Lorant holte den Artikel über den Toten in Oldenburg-Huntetal aus der Innentasche seines Jacketts und hielt ihn Ubbo hin. Ubbo nahm den Ausschnitt, las den Artikel durch. Lorant studierte dabei jede Regung im Gesicht seines Gegenübers.
Manchmal waren Gesichter wie offene Bücher. Wie Fenster zur Seele. Aber das Gesicht von Ubbo Sluiter gehörte leider nicht dazu. Es blieb ziemlich ausdruckslos. Schließlich reichte Ubbo Lorant den Artikel zurück.
"Worauf wollen Sie hinaus?"
"Sehen Sie nicht die Parallele?"
"Die Boßel-Kugel bei der Leiche."
"So ist es."
"Meinen Sie, die beiden Fälle haben was miteinander zu tun?"
Lorant zuckte die Achseln und steckte das Zeitungsstück wieder ein. Er machte ein unbestimmtes Gesicht. "Weiß ich noch nicht!", meinte er. "Vielleicht kann man das beantworten, wenn die Identität des Opfers in Oldenburg bekannt wird."

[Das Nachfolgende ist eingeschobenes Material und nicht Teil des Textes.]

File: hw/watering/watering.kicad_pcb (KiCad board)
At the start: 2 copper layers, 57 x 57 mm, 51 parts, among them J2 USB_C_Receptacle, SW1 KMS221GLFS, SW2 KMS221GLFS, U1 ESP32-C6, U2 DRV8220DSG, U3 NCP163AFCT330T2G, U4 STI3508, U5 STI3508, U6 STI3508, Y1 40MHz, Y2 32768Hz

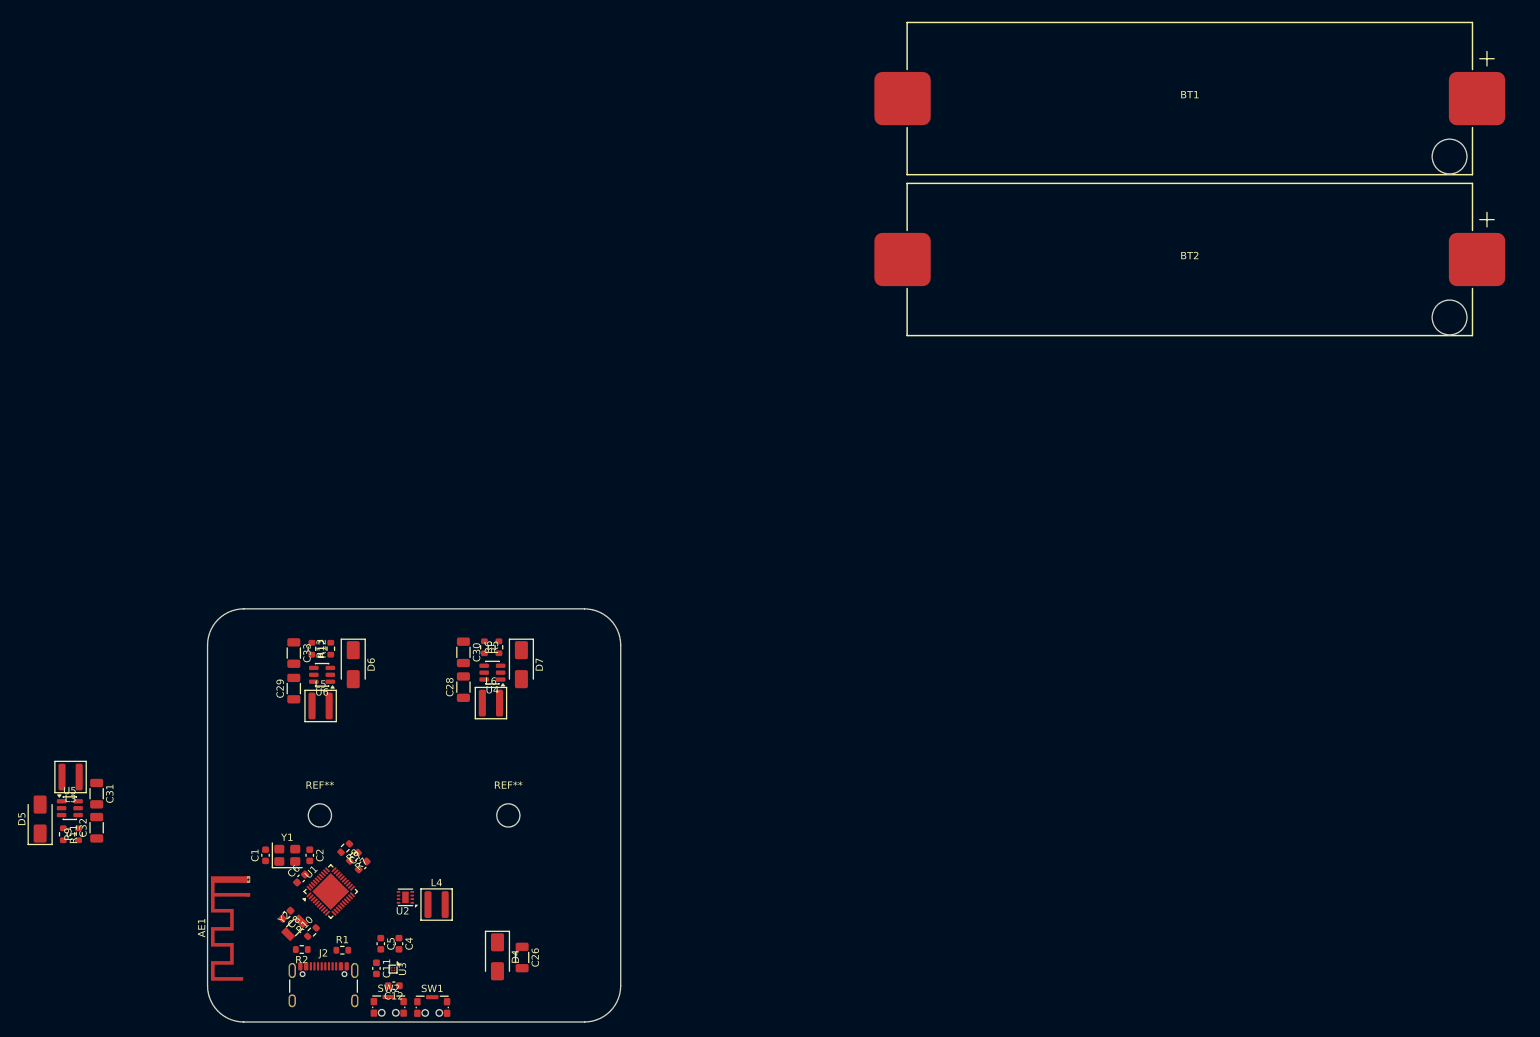
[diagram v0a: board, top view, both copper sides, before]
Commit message: connections completet. started placing and routing
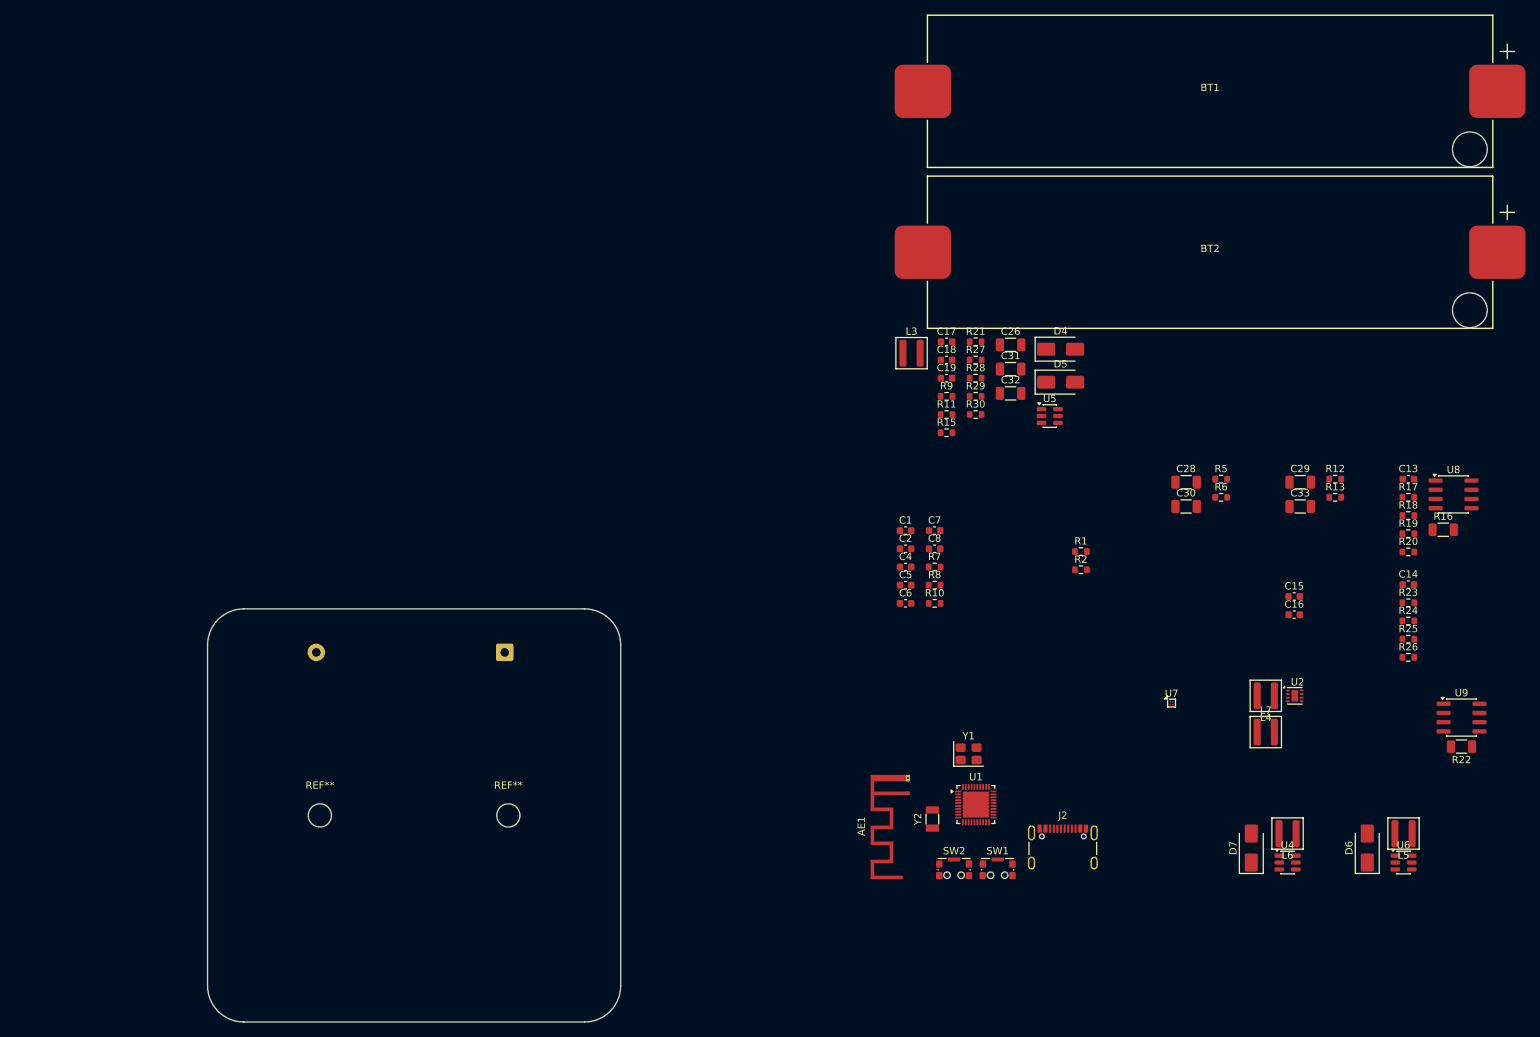
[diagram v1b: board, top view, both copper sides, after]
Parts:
- removed C11, C12: 1u, Capacitor_SMD:C_0603_1608Metric
- removed U3: NCP163AFCT330T2G, Package_CSP:WLCSP-4_0.64x0.64mm_Layout2x2_P0.35mm
- added C13: 1u, Capacitor_SMD:C_0603_1608Metric, F.Cu at (265.7, 82.1)
- added C14: 1u, Capacitor_SMD:C_0603_1608Metric, F.Cu at (265.7, 96.7)
- added C15: 1u, Capacitor_SMD:C_0603_1608Metric, F.Cu at (249.9, 98.3)
- added C16: 1u, Capacitor_SMD:C_0603_1608Metric, F.Cu at (249.9, 100.8)
- added C17: 1u, Capacitor_SMD:C_0603_1608Metric, F.Cu at (202.0, 63.2)
- added C18: 1u, Capacitor_SMD:C_0603_1608Metric, F.Cu at (202.0, 65.7)
- added C19: 1u, Capacitor_SMD:C_0603_1608Metric, F.Cu at (202.0, 68.2)
- added L7: 22u, Inductor_SMD:L_Wuerth_MAPI-4030, F.Cu at (246.0, 117.0)
- added R15: 10k, Resistor_SMD:R_0603_1608Metric, F.Cu at (202.0, 75.7)
- added R16: 0R1, Resistor_SMD:R_1206_3216Metric, F.Cu at (270.5, 89.1)
- added R17: 10k, Resistor_SMD:R_0603_1608Metric, F.Cu at (265.7, 84.6)
- added R18: 10k, Resistor_SMD:R_0603_1608Metric, F.Cu at (265.7, 87.1)
- added R19: 100k, Resistor_SMD:R_0603_1608Metric, F.Cu at (265.7, 89.6)
- added R20: 10k, Resistor_SMD:R_0603_1608Metric, F.Cu at (265.7, 92.1)
- added R21: 39k, Resistor_SMD:R_0603_1608Metric, F.Cu at (206.0, 63.2)
- added R22: 0R1, Resistor_SMD:R_1206_3216Metric, F.Cu at (273.0, 119.0)
- added R23: 10k, Resistor_SMD:R_0603_1608Metric, F.Cu at (265.7, 99.2)
- added R24: 10k, Resistor_SMD:R_0603_1608Metric, F.Cu at (265.7, 101.7)
- added R25: 10k, Resistor_SMD:R_0603_1608Metric, F.Cu at (265.7, 104.2)
- added R26: 100k, Resistor_SMD:R_0603_1608Metric, F.Cu at (265.7, 106.7)
- added R27: 220k, Resistor_SMD:R_0603_1608Metric, F.Cu at (206.0, 65.7)
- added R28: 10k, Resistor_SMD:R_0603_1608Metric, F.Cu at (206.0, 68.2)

"Dürfte nicht so leicht sein..."
"Das stimmt."
Ein Wagen fuhr indessen auf den Parkplatz vor dem Sluiter'schen Geschäft. Entweder handelte es sich um den zweiten Angestellten oder den ersten Kunden. Lorant humpelte hinaus. Hoffentlich kann ich überhaupt Auto fahren!, durchfuhr es ihn. Es war schon ein paar Jahre her, dass ihm der Ischias das letzte Mal Ärger gemacht hatte.